1. GOVERNANCE & ACCOUNTABILITY

  • Our security governance framework establishes clear accountability and oversight for data protection throughout our organisation. We have designated a Data Protection Officer who oversees our security program and ensures compliance with applicable laws and regulations. Our security policies and procedures are documented, regularly reviewed, and updated to address evolving threats and regulatory requirements. The management team receives regular reports on security metrics, incidents, and improvement initiatives.
  • We conduct comprehensive vendor due diligence before engaging any third-party service providers who may access or process personal data. All vendors and independent professionals are required to enter into Data Processing Agreements that include strict security obligations, confidentiality requirements, and audit rights. We maintain an inventory of all third-party processors and regularly review their security practices to ensure compliance with relevant regulations.

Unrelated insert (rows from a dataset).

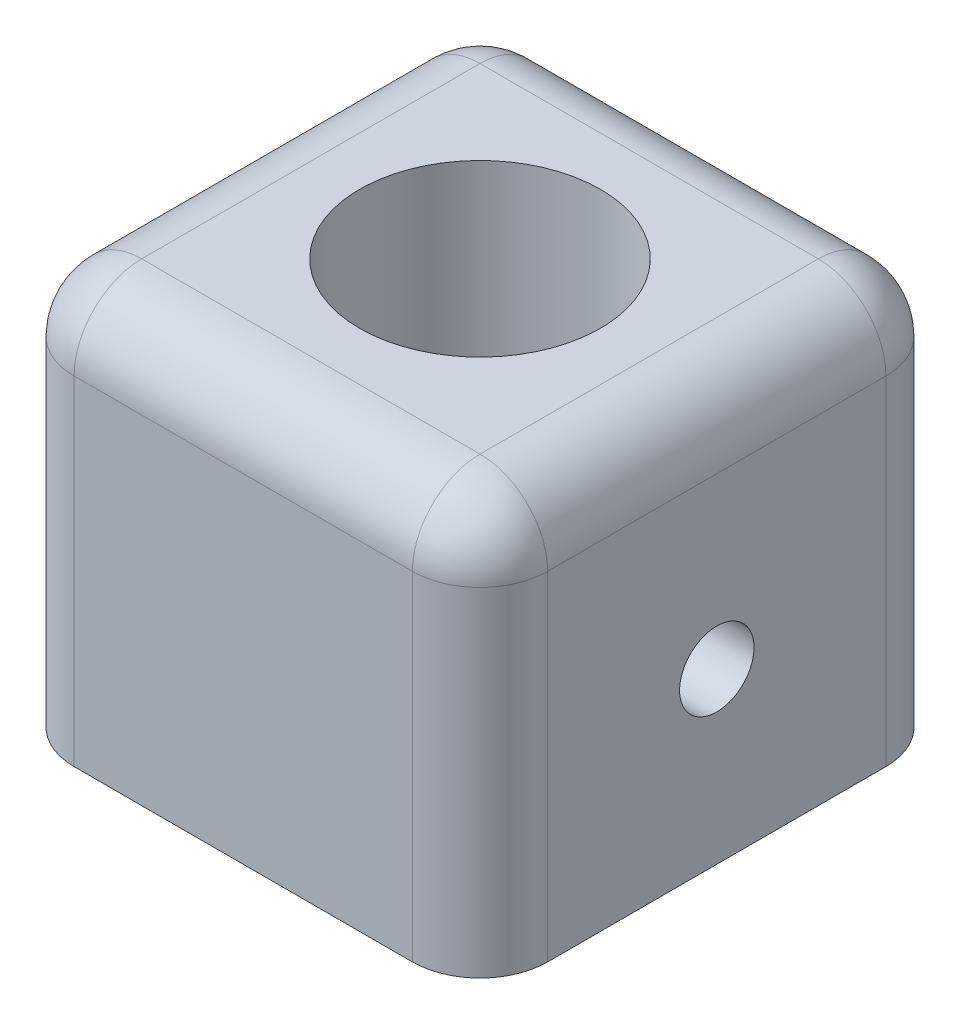
ISO-10303-21;
HEADER;
FILE_DESCRIPTION(('STEP AP214'),'2;1');
FILE_NAME('part.step','',(''),(''),'','','');
FILE_SCHEMA(('AUTOMOTIVE_DESIGN { 1 0 10303 214 1 1 1 1 }'));
ENDSEC;
DATA;
#1=APPLICATION_CONTEXT('core data for automotive mechanical design processes');
#2=APPLICATION_PROTOCOL_DEFINITION('international standard','automotive_design',2000,#1);
#3=PRODUCT_CONTEXT('',#1,'mechanical');
#4=PRODUCT('Part','Part','',(#3));
#5=PRODUCT_RELATED_PRODUCT_CATEGORY('part','',(#4));
#6=PRODUCT_DEFINITION_FORMATION('','',#4);
#7=PRODUCT_DEFINITION_CONTEXT('part definition',#1,'design');
#8=PRODUCT_DEFINITION('design','',#6,#7);
#9=PRODUCT_DEFINITION_SHAPE('','',#8);
#10=(LENGTH_UNIT() NAMED_UNIT(*) SI_UNIT(.MILLI.,.METRE.));
#11=(NAMED_UNIT(*) PLANE_ANGLE_UNIT() SI_UNIT($,.RADIAN.));
#12=(NAMED_UNIT(*) SI_UNIT($,.STERADIAN.) SOLID_ANGLE_UNIT());
#13=UNCERTAINTY_MEASURE_WITH_UNIT(LENGTH_MEASURE(1.E-05),#10,'distance_accuracy_value','');
#14=(GEOMETRIC_REPRESENTATION_CONTEXT(3) GLOBAL_UNCERTAINTY_ASSIGNED_CONTEXT((#13)) GLOBAL_UNIT_ASSIGNED_CONTEXT((#10,
#11,#12)) REPRESENTATION_CONTEXT('',''));
#15=CARTESIAN_POINT('',(0.,0.,0.));
#16=DIRECTION('',(0.,0.,1.));
#17=DIRECTION('',(1.,0.,0.));
#18=AXIS2_PLACEMENT_3D('',#15,#16,#17);
#19=CARTESIAN_POINT('',(0.,30.,0.));
#20=DIRECTION('',(1.,0.,0.));
#21=DIRECTION('',(0.,0.,-1.));
#22=AXIS2_PLACEMENT_3D('',#19,#20,#21);
#23=PLANE('',#22);
#24=DIRECTION('',(0.,0.,1.));
#25=VECTOR('',#24,1.);
#26=CARTESIAN_POINT('',(0.,25.,0.));
#27=LINE('',#26,#25);
#28=CARTESIAN_POINT('',(0.,25.,-5.));
#29=VERTEX_POINT('',#28);
#30=CARTESIAN_POINT('',(0.,25.,-30.));
#31=VERTEX_POINT('',#30);
#32=EDGE_CURVE('E316',#29,#31,#27,.F.);
#33=ORIENTED_EDGE('',*,*,#32,.T.);
#34=DIRECTION('',(0.,-1.,0.));
#35=VECTOR('',#34,1.);
#36=CARTESIAN_POINT('',(0.,30.,-30.));
#37=LINE('',#36,#35);
#38=CARTESIAN_POINT('',(0.,0.,-30.));
#39=VERTEX_POINT('',#38);
#40=EDGE_CURVE('E362',#31,#39,#37,.T.);
#41=ORIENTED_EDGE('',*,*,#40,.T.);
#42=DIRECTION('',(0.,0.,1.));
#43=VECTOR('',#42,1.);
#44=CARTESIAN_POINT('',(0.,0.,0.));
#45=LINE('',#44,#43);
#46=CARTESIAN_POINT('',(0.,0.,-5.));
#47=VERTEX_POINT('',#46);
#48=EDGE_CURVE('E273',#39,#47,#45,.T.);
#49=ORIENTED_EDGE('',*,*,#48,.T.);
#50=DIRECTION('',(0.,-1.,0.));
#51=VECTOR('',#50,1.);
#52=CARTESIAN_POINT('',(0.,30.,-5.));
#53=LINE('',#52,#51);
#54=EDGE_CURVE('E359',#47,#29,#53,.F.);
#55=ORIENTED_EDGE('',*,*,#54,.T.);
#56=EDGE_LOOP('',(#33,#41,#49,#55));
#57=FACE_BOUND('',#56,.T.);
#58=CARTESIAN_POINT('',(0.,12.5,-17.5));
#59=DIRECTION('',(-1.,0.,0.));
#60=DIRECTION('',(0.,0.,1.));
#61=AXIS2_PLACEMENT_3D('',#58,#59,#60);
#62=CIRCLE('',#61,2.75);
#63=CARTESIAN_POINT('',(0.,12.5,-14.75));
#64=VERTEX_POINT('',#63);
#65=EDGE_CURVE('E200',#64,#64,#62,.T.);
#66=ORIENTED_EDGE('',*,*,#65,.F.);
#67=EDGE_LOOP('',(#66));
#68=FACE_BOUND('',#67,.T.);
#69=ADVANCED_FACE('F45',(#57,#68),#23,.F.);
#70=CARTESIAN_POINT('',(35.,30.,0.));
#71=DIRECTION('',(-1.,0.,0.));
#72=DIRECTION('',(0.,0.,1.));
#73=AXIS2_PLACEMENT_3D('',#70,#71,#72);
#74=PLANE('',#73);
#75=DIRECTION('',(0.,0.,-1.));
#76=VECTOR('',#75,1.);
#77=CARTESIAN_POINT('',(35.,0.,0.));
#78=LINE('',#77,#76);
#79=CARTESIAN_POINT('',(35.,0.,-5.));
#80=VERTEX_POINT('',#79);
#81=CARTESIAN_POINT('',(35.,0.,-30.));
#82=VERTEX_POINT('',#81);
#83=EDGE_CURVE('E289',#80,#82,#78,.T.);
#84=ORIENTED_EDGE('',*,*,#83,.T.);
#85=DIRECTION('',(0.,-1.,0.));
#86=VECTOR('',#85,1.);
#87=CARTESIAN_POINT('',(35.,30.,-30.));
#88=LINE('',#87,#86);
#89=CARTESIAN_POINT('',(35.,25.,-30.));
#90=VERTEX_POINT('',#89);
#91=EDGE_CURVE('E385',#82,#90,#88,.F.);
#92=ORIENTED_EDGE('',*,*,#91,.T.);
#93=DIRECTION('',(0.,0.,-1.));
#94=VECTOR('',#93,1.);
#95=CARTESIAN_POINT('',(35.,25.,0.));
#96=LINE('',#95,#94);
#97=CARTESIAN_POINT('',(35.,25.,-5.));
#98=VERTEX_POINT('',#97);
#99=EDGE_CURVE('E324',#90,#98,#96,.F.);
#100=ORIENTED_EDGE('',*,*,#99,.T.);
#101=DIRECTION('',(0.,-1.,0.));
#102=VECTOR('',#101,1.);
#103=CARTESIAN_POINT('',(35.,30.,-5.));
#104=LINE('',#103,#102);
#105=EDGE_CURVE('E382',#98,#80,#104,.T.);
#106=ORIENTED_EDGE('',*,*,#105,.T.);
#107=EDGE_LOOP('',(#84,#92,#100,#106));
#108=FACE_BOUND('',#107,.T.);
#109=CARTESIAN_POINT('',(35.,12.5,-17.5));
#110=DIRECTION('',(1.,0.,0.));
#111=DIRECTION('',(0.,0.,-1.));
#112=AXIS2_PLACEMENT_3D('',#109,#110,#111);
#113=CIRCLE('',#112,2.75);
#114=CARTESIAN_POINT('',(35.,12.5,-20.25));
#115=VERTEX_POINT('',#114);
#116=EDGE_CURVE('E217',#115,#115,#113,.T.);
#117=ORIENTED_EDGE('',*,*,#116,.F.);
#118=EDGE_LOOP('',(#117));
#119=FACE_BOUND('',#118,.T.);
#120=ADVANCED_FACE('F453',(#108,#119),#74,.F.);
#121=CARTESIAN_POINT('',(0.,30.,0.));
#122=DIRECTION('',(0.,0.,-1.));
#123=DIRECTION('',(-1.,0.,0.));
#124=AXIS2_PLACEMENT_3D('',#121,#122,#123);
#125=PLANE('',#124);
#126=DIRECTION('',(1.,0.,0.));
#127=VECTOR('',#126,1.);
#128=CARTESIAN_POINT('',(0.,0.,0.));
#129=LINE('',#128,#127);
#130=CARTESIAN_POINT('',(5.,0.,0.));
#131=VERTEX_POINT('',#130);
#132=CARTESIAN_POINT('',(30.,0.,0.));
#133=VERTEX_POINT('',#132);
#134=EDGE_CURVE('E286',#131,#133,#129,.T.);
#135=ORIENTED_EDGE('',*,*,#134,.T.);
#136=DIRECTION('',(0.,-1.,0.));
#137=VECTOR('',#136,1.);
#138=CARTESIAN_POINT('',(30.,30.,0.));
#139=LINE('',#138,#137);
#140=CARTESIAN_POINT('',(30.,25.,0.));
#141=VERTEX_POINT('',#140);
#142=EDGE_CURVE('E11',#133,#141,#139,.F.);
#143=ORIENTED_EDGE('',*,*,#142,.T.);
#144=DIRECTION('',(1.,0.,0.));
#145=VECTOR('',#144,1.);
#146=CARTESIAN_POINT('',(0.,25.,0.));
#147=LINE('',#146,#145);
#148=CARTESIAN_POINT('',(5.,25.,0.));
#149=VERTEX_POINT('',#148);
#150=EDGE_CURVE('E328',#141,#149,#147,.F.);
#151=ORIENTED_EDGE('',*,*,#150,.T.);
#152=DIRECTION('',(0.,-1.,0.));
#153=VECTOR('',#152,1.);
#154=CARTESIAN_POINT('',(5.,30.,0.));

2. TECHNICAL & ORGANISATIONAL MEASURES

  • Our security architecture employs multiple layers of protection to safeguard your data throughout its lifecycle. Access controls form the foundation of our security framework, implementing role-based access control (RBAC) to ensure users only access data necessary for their specific functions. We enforce multi-factor authentication (MFA) for all administrative access and sensitive operations, with regular quarterly access reviews to remove unnecessary permissions and identify potential security risks.
  • Encryption protects your data both in transit and at rest. All data transmissions between your browser and our servers utilise Transport Layer Security (TLS) 1.2 or higher with strong cypher suites. Sensitive data stored in our databases and file systems is encrypted using industry-standard AES-256 encryption. Encryption keys are managed through a secure key management system that ensures the appropriate separation of duties and adheres to regular key rotation protocols.
  • Sensitive data stored in our databases (including those hosted on AWS) is encrypted using industry-standard AES-256 encryption. Files stored on our cloud file systems (Google Drive, Zoho Drive, Microsoft OneDrive) and AWS infrastructure are protected by the provider's at-rest encryption (which utilises AES-256 or equivalent standards), or are client-side encrypted where appropriate. Data managed by third-party filing software (such as KDK or SAG Infotech) is governed by the respective vendor's security and data protection policies.
  • Our network security infrastructure includes enterprise-grade firewalls with restrictive rule sets, intrusion detection and prevention systems monitoring for malicious activities, and network segmentation to isolate critical systems. We maintain centralised logging of all security events with log retention policies aligned to regulatory requirements. Security patches and updates are applied promptly following a risk-based prioritisation approach, with critical patches deployed within 48 hours of release.
  • Physical security measures protect our infrastructure from unauthorised physical access. Our servers are hosted in secure data centres featuring 24/7 security monitoring, controlled access, CCTV surveillance, and environmental controls, including fire suppression and climate management. Access to these facilities is restricted to authorised personnel only, with all visits logged and monitored.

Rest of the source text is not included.